2.3. Characterization Methods

The torque profiles and granule size distribution were measured during and after the experiments to observe the impact of the start-up conditions on the time needed to stabilize the process as well as subsequent process behavior and product quality. The torque on the screws was recorded every second by a built-in torque gauge in the equipment. Other process conditions, e.g., barrel wall temperature and the actual mass feed rate, were also monitored every second. These monitoring results were only used for ensuring that process behavior was not out of bounds. Barrel wall temperature was always between 23–31 °C, and the error of the mass feed rate was always less than 3%.

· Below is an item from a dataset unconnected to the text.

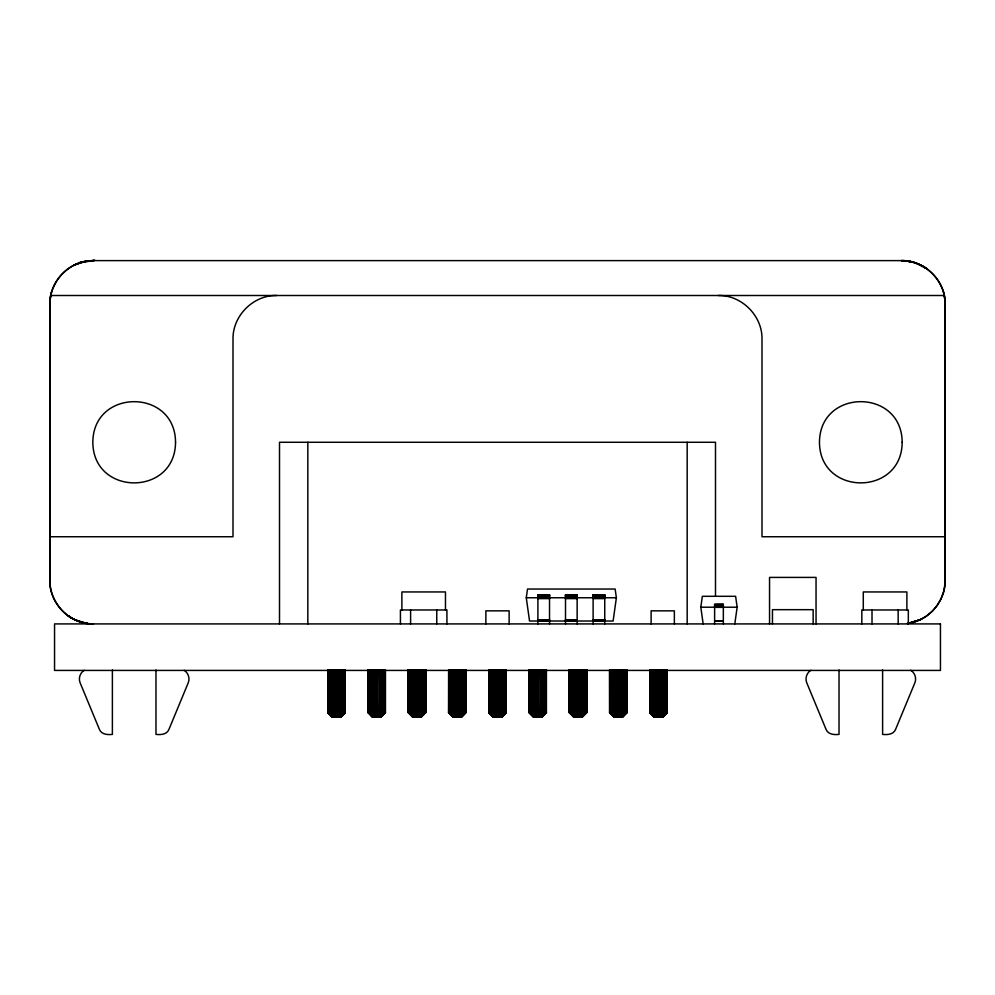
<?xml version="1.0" encoding="UTF-8"?>
<svg xmlns="http://www.w3.org/2000/svg" width="995" height="995" viewBox="0 0 995 995"><rect width="100%" height="100%" fill="white"/><g stroke="black" fill="none" stroke-linecap="round" stroke-linejoin="round"><path stroke-width="1.49" d="M332.156 716.947L327.828 712.582L327.803 669.784L327.765 712.582L332.119 716.947L340.837 716.947L345.19 712.582L345.19 669.784L345.128 712.582L340.8 716.947L345.004 712.582L344.917 669.784M412.664 716.947L408.336 712.582L408.311 669.784L408.273 712.582L412.639 716.947L421.345 716.947L425.698 712.582L425.698 669.784L425.636 712.582L421.308 716.947L425.512 712.582L425.425 669.784L425.512 712.582M489.067 669.784L489.167 712.582L493.333 716.947L488.98 712.582L488.819 669.784L488.794 712.582L493.147 716.947L501.853 716.947L506.206 712.582L506.206 669.784L506.144 712.582L501.828 716.947M569.302 669.784L569.302 712.582L573.692 716.947L569.488 712.582L569.327 669.784L569.302 712.582L573.655 716.947L582.361 716.947L586.727 712.582L586.727 669.784L586.664 712.582L582.336 716.947M667.197 669.784L667.172 712.582L662.844 716.947L654.163 716.947L649.81 712.582L649.81 669.784L649.996 712.582L654.262 716.947L649.872 712.582L649.834 669.784L649.872 712.582L667.235 712.582L667.235 669.784L667.235 712.582L662.881 716.947M327.89 669.784L327.828 712.582L332.218 716.947L328.139 712.582L328.051 669.784M328.139 712.582L328.263 669.784M345.004 712.582L344.904 669.784M408.398 669.784L408.336 712.582L412.726 716.947L408.646 712.582L408.559 669.784M408.646 712.582L408.771 669.784M488.906 669.784L488.856 712.582L493.172 716.947M488.98 712.582L489.042 680.481M489.167 712.582L489.279 669.784M505.721 669.784L505.833 712.582L501.667 716.947L506.02 712.582L505.933 669.784M569.426 669.784L569.364 712.582L586.727 712.582L586.689 669.784M569.488 712.582L569.575 669.784L569.675 712.582L573.841 716.947M569.675 712.582L569.787 669.784M586.602 669.784L586.664 712.582L582.274 716.947L586.353 712.582L586.441 669.784M649.996 712.582L650.083 669.784M654.349 716.947L650.183 712.582L650.307 669.784M667.11 669.784L667.172 712.582L662.782 716.947L666.861 712.582L666.948 669.784M332.591 716.947L328.698 712.582L328.872 669.784M339.979 716.947L343.486 712.582L343.685 669.784M340.377 716.947L344.27 712.582L344.407 669.784M413.099 716.947L409.206 712.582L409.38 669.784M420.499 716.947L423.994 712.582L424.206 669.784M420.885 716.947L424.778 712.582L424.927 669.784M493.607 716.947L489.714 712.582L489.888 669.784M501.007 716.947L504.515 712.582L504.714 669.784M501.393 716.947L505.286 712.582L505.435 669.784M574.115 716.947L570.222 712.582L570.396 669.784M581.515 716.947L585.023 712.582L585.222 669.784M581.901 716.947L585.794 712.582L585.943 669.784M654.623 716.947L650.73 712.582L650.904 669.784M662.023 716.947L665.531 712.582L665.73 669.784M662.409 716.947L666.302 712.582L666.451 669.784M332.977 716.947L329.469 712.582L329.693 669.784M333.462 716.947L330.44 712.582L330.713 669.784M339.494 716.947L342.516 712.582L342.765 669.784M413.485 716.947L409.977 712.582L410.201 669.784M413.97 716.947L410.96 712.582L411.221 669.784M420.002 716.947L423.024 712.582L423.273 669.784M493.993 716.947L490.485 712.582L490.709 669.784M494.478 716.947L491.468 712.582L491.729 669.784M500.522 716.947L503.532 712.582L503.781 669.784M574.501 716.947L571.006 712.582L571.229 669.784M574.998 716.947L571.976 712.582L572.249 669.784M581.03 716.947L584.04 712.582L584.289 669.784M655.021 716.947L651.514 712.582L651.737 669.784M655.506 716.947L652.484 712.582L652.757 669.784M661.538 716.947L664.561 712.582L664.797 669.784M334.034 716.947L331.596 712.582L331.895 669.784M334.681 716.947L332.89 712.582L333.213 669.784M337.579 716.947L338.673 712.582L339.021 669.784M338.275 716.947L340.066 712.582L340.389 669.784M338.922 716.947L341.36 712.582L341.646 669.784M414.542 716.947L412.104 712.582L412.415 669.784M415.189 716.947L413.398 712.582L413.733 669.784M418.087 716.947L419.181 712.582L419.529 669.784M418.783 716.947L420.587 712.582L420.897 669.784M419.43 716.947L421.868 712.582L422.154 669.784M495.062 716.947L492.612 712.582L492.923 669.784M495.709 716.947L493.906 712.582L494.241 669.784M498.594 716.947L499.701 712.582L500.037 669.784M499.291 716.947L501.094 712.582L501.405 669.784M499.938 716.947L502.388 712.582L502.674 669.784M575.57 716.947L573.132 712.582L573.431 669.784M576.217 716.947L574.413 712.582L574.749 669.784M579.115 716.947L580.209 712.582L580.545 669.784M579.811 716.947L581.602 712.582L581.926 669.784M580.458 716.947L582.896 712.582L583.182 669.784M656.078 716.947L653.64 712.582L653.939 669.784M656.725 716.947L654.934 712.582L655.257 669.784M659.623 716.947L660.717 712.582L661.066 669.784M660.319 716.947L662.11 712.582L662.434 669.784M660.966 716.947L663.404 712.582L663.69 669.784M335.377 716.947L334.283 712.582L334.631 669.784M336.111 716.947L336.099 669.784M336.845 716.947L337.579 669.784M376.346 669.784L376.359 716.947M415.885 716.947L414.791 712.582L415.139 669.784M416.619 716.947L416.606 669.784M417.365 716.947L418.087 669.784M456.867 669.784L456.879 716.947M496.405 716.947L495.299 712.582L495.647 669.784M497.127 716.947L497.114 669.784M497.873 716.947L498.594 669.784M537.375 669.784L537.387 716.947M576.913 716.947L575.819 712.582L576.167 669.784M577.635 716.947L577.622 669.784M578.381 716.947L579.102 669.784M617.883 669.784L617.895 716.947M657.421 716.947L656.327 712.582L656.675 669.784M658.155 716.947L658.143 669.784M658.889 716.947L659.61 669.784M87.05 261.1C109.251 259.086 77.088 261.461 78.406 263.314C61.678 269.409 49.762 286.398 49.899 304.221L49.899 580.334C49.725 600.097 64.464 618.728 83.816 622.845M377.105 716.947L377.478 669.784M457.613 716.947L457.986 669.784M538.121 716.947L538.494 669.784M618.641 716.947L619.002 669.784M565.135 621.017L529.539 621.017L526.28 597.759L527.499 589.04L615.146 589.04L616.378 597.759L613.107 621.017L565.508 621.017M703.154 623.915L700.816 607.211L702.346 596.303L735.616 596.303L737.146 607.211L734.795 623.915M50.086 300.117L51.441 292.717M377.826 716.947L378.933 712.582L378.933 669.784M458.347 716.947L459.441 712.582L459.441 669.784M538.855 716.947L539.949 712.582L539.949 669.784M619.363 716.947L620.457 712.582L620.457 669.784M378.535 716.947L380.326 712.582L380.326 669.784M459.043 716.947L460.834 712.582L460.834 669.784M539.551 716.947L541.342 712.582L541.342 669.784M620.059 716.947L621.863 712.582L621.863 669.784M379.17 716.947L381.62 712.582L381.62 669.784M459.69 716.947L462.128 712.582L462.128 669.784M540.198 716.947L542.636 712.582L542.636 669.784M620.706 716.947L623.144 712.582L623.144 669.784M379.754 716.947L382.764 712.582L382.764 669.784M460.262 716.947L463.272 712.582L463.272 669.784M540.77 716.947L543.792 712.582L543.792 669.784M621.278 716.947L624.3 712.582L624.3 669.784M420.263 716.947L421.892 714.758M500.771 716.947L502.413 714.758M380.239 716.947L383.747 712.582L383.747 669.784M460.747 716.947L464.255 712.582L464.255 669.784M541.255 716.947L544.762 712.582L544.762 669.784M621.775 716.947L625.27 712.582L625.27 669.784M380.451 716.947L384.157 712.582M420.698 716.947L424.417 712.582M460.959 716.947L464.665 712.582M501.206 716.947L504.925 712.582M541.467 716.947L544.253 713.676M581.727 716.947L585.433 712.582M621.974 716.947L623.84 714.758M662.235 716.947L665.941 712.582M380.625 716.947L384.518 712.582L384.518 669.784M461.133 716.947L465.026 712.582L465.026 669.784M541.653 716.947L545.546 712.582L545.546 669.784M622.161 716.947L626.054 712.582L626.054 669.784M340.526 716.947L344.569 712.582M380.774 716.947L384.829 712.582L384.829 669.784M421.034 716.947L425.076 712.582M461.294 716.947L465.337 712.582L465.337 669.784M501.542 716.947L505.597 712.582M541.802 716.947L545.845 712.582L545.845 669.784M582.05 716.947L586.105 712.582M622.31 716.947L626.352 712.582L626.352 669.784M662.571 716.947L666.613 712.582M340.651 716.947L344.817 712.582L344.693 669.784M380.898 716.947L385.077 712.582L385.077 669.784M421.159 716.947L425.325 712.582L425.213 669.784M448.596 669.784L448.534 712.582L452.887 716.947L461.605 716.947L465.896 712.582L465.958 669.784L465.772 712.582L461.506 716.947L465.585 712.582L465.585 669.784M529.104 669.784L529.041 712.582L533.395 716.947L542.113 716.947L546.404 712.582L546.404 669.784M626.788 669.784L626.974 712.582L609.549 712.582L613.94 716.947L609.736 712.582L609.612 669.784L609.549 712.582L613.915 716.947L622.621 716.947L626.912 712.582L622.534 716.947L626.601 712.582L626.601 669.784M461.605 716.947L465.958 712.582L448.534 712.582L452.924 716.947M542.113 716.947L546.466 712.582L529.041 712.582L533.432 716.947M622.621 716.947L626.974 712.582M84.227 670.294C80.06 672.782 78.219 678.403 80.147 682.868L99.4 729.347C101.366 734.521 107.696 734.969 112.385 734.385L112.385 669.958M810.863 670.294C806.684 672.782 804.843 678.403 806.783 682.868L826.037 729.347C828.002 734.521 834.32 734.969 839.021 734.385L839.021 669.958M74.936 264.769L81.988 262.158L89.388 260.814C67.648 262.406 49.377 282.356 49.75 304.221L49.75 580.334C49.427 601.764 66.926 621.489 88.219 623.629M921.445 619.176L908.472 623.392C929.056 620.432 945.536 601.167 945.25 580.334L945.25 304.221C945.76 280.839 924.79 260.056 901.507 260.615C924.79 260.068 945.561 280.976 945.101 304.221L944.914 584.438L943.558 591.838L940.959 598.903L937.178 605.408L932.34 611.166L926.581 616.004L920.064 619.785L907.95 623.455L920.064 619.785M73.555 265.366L84.836 261.461M910.164 623.094L915.126 621.8M79.874 262.755L93.343 260.615L901.657 260.615C910.524 260.727 919.231 263.588 926.581 268.55L923.41 266.511M908.41 623.38L913.012 622.385L908.572 623.206M907.477 623.517L913.012 622.385M85.657 261.324L89.388 260.814M88.219 260.926L89.923 260.752M86.528 261.15L93.343 260.615M276.61 295.503C253.302 295.055 232.569 315.788 233.004 339.096L233.004 536.74L49.899 536.74M50.782 295.503L944.218 295.503M945.101 536.74L761.996 536.74L761.996 339.096C762.431 315.788 741.698 295.055 718.39 295.503M537.897 594.91L549.526 594.91M565.508 594.91L577.137 594.91M593.119 594.91L604.749 594.91M537.897 595.072L549.526 595.072M565.508 595.072L577.137 595.072M593.119 595.072L604.749 595.072M537.897 595.346L549.526 595.346M565.508 595.346L577.137 595.346M593.119 595.346L604.749 595.346M537.897 595.706L549.526 595.706M565.508 595.706L577.137 595.706M593.119 595.706L604.749 595.706M537.897 596.167L549.526 596.167M565.508 596.167L577.137 596.167M593.119 596.167L604.749 596.167M537.897 596.689L549.526 596.689M565.508 596.689L577.137 596.689M593.119 596.689L604.749 596.689M537.897 597.286L549.526 597.286M565.508 597.286L577.137 597.286M593.119 597.286L604.749 597.286M526.28 597.759L538.705 597.759M548.021 597.759L565.11 597.759M575.981 597.759L593.07 597.759M603.953 597.759L616.378 597.759M537.897 597.933L549.526 597.933M565.508 597.933L577.137 597.933M593.119 597.933L604.749 597.933M537.897 598.604L549.526 598.604M565.508 598.604L577.137 598.604M593.119 598.604L604.749 598.604M723.34 623.915L723.34 604.301L714.621 604.301L714.621 623.915M714.621 604.487L723.34 604.351M714.621 604.711L723.34 604.711M714.621 605.01L723.34 605.01M714.621 605.395L723.34 605.395M714.621 605.831L723.34 605.831M714.621 606.303L723.34 606.303M714.621 606.826L723.34 606.826M700.816 607.211L714.435 607.211M723.514 607.211L737.146 607.211M714.621 607.348L723.34 607.348M537.897 619.761L549.526 619.761M565.508 619.761L577.137 619.761M593.119 619.761L604.749 619.761M537.897 619.985L549.526 619.985M565.508 619.985L577.137 619.985M593.119 619.985L604.749 619.985M537.897 620.196L549.526 620.196M565.508 620.196L577.137 620.196M593.119 620.196L604.749 620.196M537.897 620.395L549.526 620.395M565.508 620.395L577.137 620.395M593.119 620.395L604.749 620.395M537.897 620.581L549.526 620.581M565.508 620.581L577.137 620.581M593.119 620.581L604.749 620.581M537.897 620.731L549.526 620.855M565.508 620.855L577.137 620.731M593.119 620.855L604.749 620.731M345.128 712.582L345.066 669.784L345.19 712.582L327.765 712.582L327.765 669.784M368.026 669.784L368.026 712.582L385.451 712.582L385.451 669.784M425.673 669.784L425.698 712.582L408.273 712.582L408.273 669.784M506.181 669.784L506.206 712.582L488.794 712.582L488.794 669.784M368.026 712.582L372.379 716.947L381.085 716.947L385.451 712.582L381.06 716.947L385.264 712.582L385.264 669.784M93.493 623.94C84.575 623.853 75.807 620.992 68.419 616.004L71.59 618.032M901.657 260.615L911.83 261.822M905.077 260.752L915.126 262.755L927.278 268.948M83.17 622.733L86.528 623.392L73.555 619.176L67.722 615.606M907.477 261.026L913.012 262.158L911.184 261.71M910.773 670.294C914.952 672.794 916.768 678.391 914.853 682.868L895.6 729.347C893.634 734.521 887.304 734.969 882.615 734.385L882.615 669.958M184.137 670.294C188.316 672.794 190.144 678.391 188.217 682.868L168.963 729.347C166.998 734.521 160.68 734.969 155.979 734.385L155.979 669.958M368.088 669.784L368.212 712.582L372.404 716.947M368.212 712.582L372.466 716.947L368.399 712.582L368.399 669.784M614.102 716.947L609.923 712.582L609.923 669.784M448.907 712.582L453.073 716.947L448.72 712.582L448.907 669.784M650.432 712.582L654.474 716.947M614.226 716.947L610.171 712.582L610.171 669.784M569.924 712.582L573.966 716.947M533.706 716.947L529.663 712.582L529.663 669.784M489.403 712.582L493.458 716.947M453.198 716.947L449.155 712.582L449.155 669.784M408.895 712.582L412.95 716.947M372.69 716.947L368.647 712.582L368.647 669.784M328.387 712.582L332.429 716.947M614.375 716.947L610.482 712.582L610.482 669.784M533.867 716.947L529.974 712.582L529.974 669.784M453.347 716.947L449.454 712.582L449.454 669.784M372.839 716.947L368.946 712.582L368.946 669.784M610.843 712.582L614.549 716.947M570.583 712.582L574.302 716.947M530.335 712.582L534.041 716.947M490.075 712.582L493.794 716.947M450.747 713.676L453.533 716.947M409.567 712.582L413.273 716.947M371.16 714.758L373.025 716.947M329.059 712.582L332.765 716.947M614.761 716.947L611.253 712.582L611.253 669.784M534.253 716.947L530.745 712.582L530.745 669.784M453.745 716.947L450.237 712.582L450.237 669.784M373.224 716.947L369.73 712.582L369.73 669.784M573.108 714.758L574.737 716.947M492.587 714.758L494.229 716.947M615.246 716.947L612.236 712.582L612.236 669.784M534.738 716.947L531.728 712.582L531.728 669.784M454.23 716.947L451.208 712.582L451.208 669.784M373.722 716.947L370.7 712.582L370.7 669.784M615.83 716.947L613.38 712.582L613.38 669.784M535.31 716.947L532.872 712.582L532.872 669.784M454.802 716.947L452.364 712.582L452.364 669.784M374.294 716.947L371.856 712.582L371.856 669.784M616.465 716.947L614.674 712.582L614.674 669.784M535.957 716.947L534.166 712.582L534.166 669.784M455.449 716.947L453.658 712.582L453.658 669.784M374.941 716.947L373.137 712.582L373.137 669.784M617.174 716.947L616.067 712.582L616.067 669.784M536.653 716.947L535.559 712.582L535.559 669.784M456.145 716.947L455.051 712.582L455.051 669.784M375.637 716.947L374.543 712.582L374.543 669.784M943.558 292.717L944.914 300.117M663.105 669.784L663.404 712.582M661.787 669.784L662.11 712.582M660.369 669.784L660.717 712.582M658.901 669.784L659.262 712.582M657.421 669.784L657.782 712.582M655.979 669.784L656.327 712.582M654.611 669.784L654.934 712.582M618.654 669.784L619.002 712.582L618.268 716.947L617.522 712.582L617.522 669.784M582.585 669.784L582.896 712.582M581.267 669.784L581.602 712.582M579.861 669.784L580.209 712.582M578.394 669.784L578.754 712.582M576.913 669.784L577.274 712.582M575.471 669.784L575.819 712.582M574.103 669.784L574.413 712.582M538.133 669.784L538.494 712.582L537.76 716.947L537.014 712.582L537.014 669.784M502.077 669.784L502.388 712.582M500.759 669.784L501.094 712.582M499.353 669.784L499.701 712.582M497.886 669.784L498.234 712.582M496.405 669.784L496.766 712.582M494.963 669.784L495.299 712.582M493.595 669.784L493.906 712.582M457.625 669.784L457.986 712.582L457.24 716.947L456.506 712.582L456.506 669.784M421.569 669.784L421.868 712.582M420.251 669.784L420.587 712.582M418.833 669.784L419.181 712.582M417.378 669.784L417.726 712.582M415.898 669.784L416.246 712.582M414.455 669.784L414.791 712.582M413.074 669.784L413.398 712.582M377.117 669.784L377.478 712.582L376.732 716.947L375.998 712.582L375.998 669.784M341.061 669.784L341.36 712.582M339.743 669.784L340.066 712.582M338.325 669.784L338.673 712.582M336.857 669.784L337.218 712.582M335.39 669.784L335.738 712.582M333.934 669.784L334.283 712.582M332.566 669.784L332.89 712.582M665.307 669.784L665.531 712.582M664.287 669.784L664.561 712.582M653.354 669.784L653.64 712.582M652.235 669.784L652.484 712.582M584.799 669.784L585.023 712.582M583.779 669.784L584.04 712.582M572.846 669.784L573.132 712.582M571.727 669.784L571.976 712.582M504.291 669.784L504.515 712.582M503.271 669.784L503.532 712.582M492.326 669.784L492.612 712.582M491.219 669.784L491.468 712.582M423.771 669.784L423.994 712.582M422.751 669.784L423.024 712.582M411.818 669.784L412.104 712.582M410.711 669.784L410.96 712.582M343.263 669.784L343.486 712.582M342.243 669.784L342.516 712.582M331.31 669.784L331.596 712.582M330.203 669.784L330.44 712.582M666.128 669.784L666.302 712.582M651.315 669.784L651.514 712.582M585.62 669.784L585.794 712.582M570.794 669.784L571.006 712.582M505.112 669.784L505.286 712.582M490.286 669.784L490.485 712.582M424.604 669.784L424.778 712.582M409.778 669.784L409.977 712.582M344.096 669.784L344.27 712.582M329.27 669.784L329.469 712.582M666.737 669.784L666.861 712.582M650.593 669.784L650.73 712.582M650.096 669.784L650.183 712.582M586.229 669.784L586.353 712.582M570.073 669.784L570.222 712.582M505.957 680.481L506.02 712.582M489.565 669.784L489.714 712.582M409.057 669.784L409.206 712.582M328.549 669.784L328.698 712.582M506.094 669.784L506.144 712.582M425.574 669.784L425.636 712.582M908.336 623.915L908.336 609.972L861.832 609.972L861.832 623.915M906.88 609.972L906.88 591.95L863.287 591.95L863.287 609.972M898.162 609.972L898.162 623.915M872.006 609.972L872.006 623.915M816.049 623.915L816.049 577.411L769.545 577.411L769.545 623.915M813.151 623.915L813.151 609.674L772.456 609.674L772.456 623.915M715.492 595.993L715.492 442.277L279.508 442.277L279.508 623.94M687.172 442.277L687.172 623.902M674.361 623.915L674.361 610.843L651.116 610.843L651.116 623.915M658.516 669.784L658.516 716.947M604.749 594.848L604.749 623.915M593.119 594.848L593.119 623.915M578.008 669.784L578.008 716.947M577.137 594.848L577.137 623.915M565.508 594.848L565.508 623.915M549.526 594.848L549.526 623.915M546.28 669.784L546.28 712.582L542.014 716.947L546.093 712.582L546.093 669.784M537.897 594.848L537.897 623.915M529.415 669.784L529.415 712.582L533.581 716.947L529.228 712.582L529.228 669.784M509.129 623.915L509.129 610.843L485.871 610.843L485.871 623.915M497.5 669.784L497.5 716.947M446.929 623.915L446.929 609.972L400.425 609.972L400.425 623.915M445.474 609.972L445.474 591.95L401.88 591.95L401.88 609.972M436.755 609.972L436.755 623.915M416.992 669.784L416.992 716.947M410.599 609.972L410.599 623.915M336.484 669.784L336.484 716.947M307.828 442.277L307.828 623.902M175.53 442.277C175.257 496.393 93.12 496.405 92.834 442.277C93.12 388.137 175.257 388.162 175.53 442.277M902.166 442.277C901.893 496.393 819.743 496.405 819.47 442.277C819.743 388.137 901.893 388.162 902.166 442.277M723.34 620.892L714.621 620.868L723.34 621.004M940.449 623.915L54.551 623.915L54.551 670.419L940.449 670.419L940.449 623.915M87.523 623.517L81.988 622.385L87.523 623.517"/></g></svg>

Both inline and offline granule size measurements were performed in the experiments. The Parsum^® IPP 70-S probe (Parsum GmbH, Chemnitz, Germany) was used as an inline measurement with the Inline Particle Probe Software v8.01. The measurement theory of the Parsum is based on the modified spatial filtering velocimetry, where a particle size distribution is calculated from a chord length distribution [35,36]. In the experiments, volume-based granule size distribution was recorded every 2 s. The Parsum IPP 70-S measured powders right after wet granulation and had difficulty measuring large and much-agglomerated granules. The probe size was much smaller than the outlet size of the granulator.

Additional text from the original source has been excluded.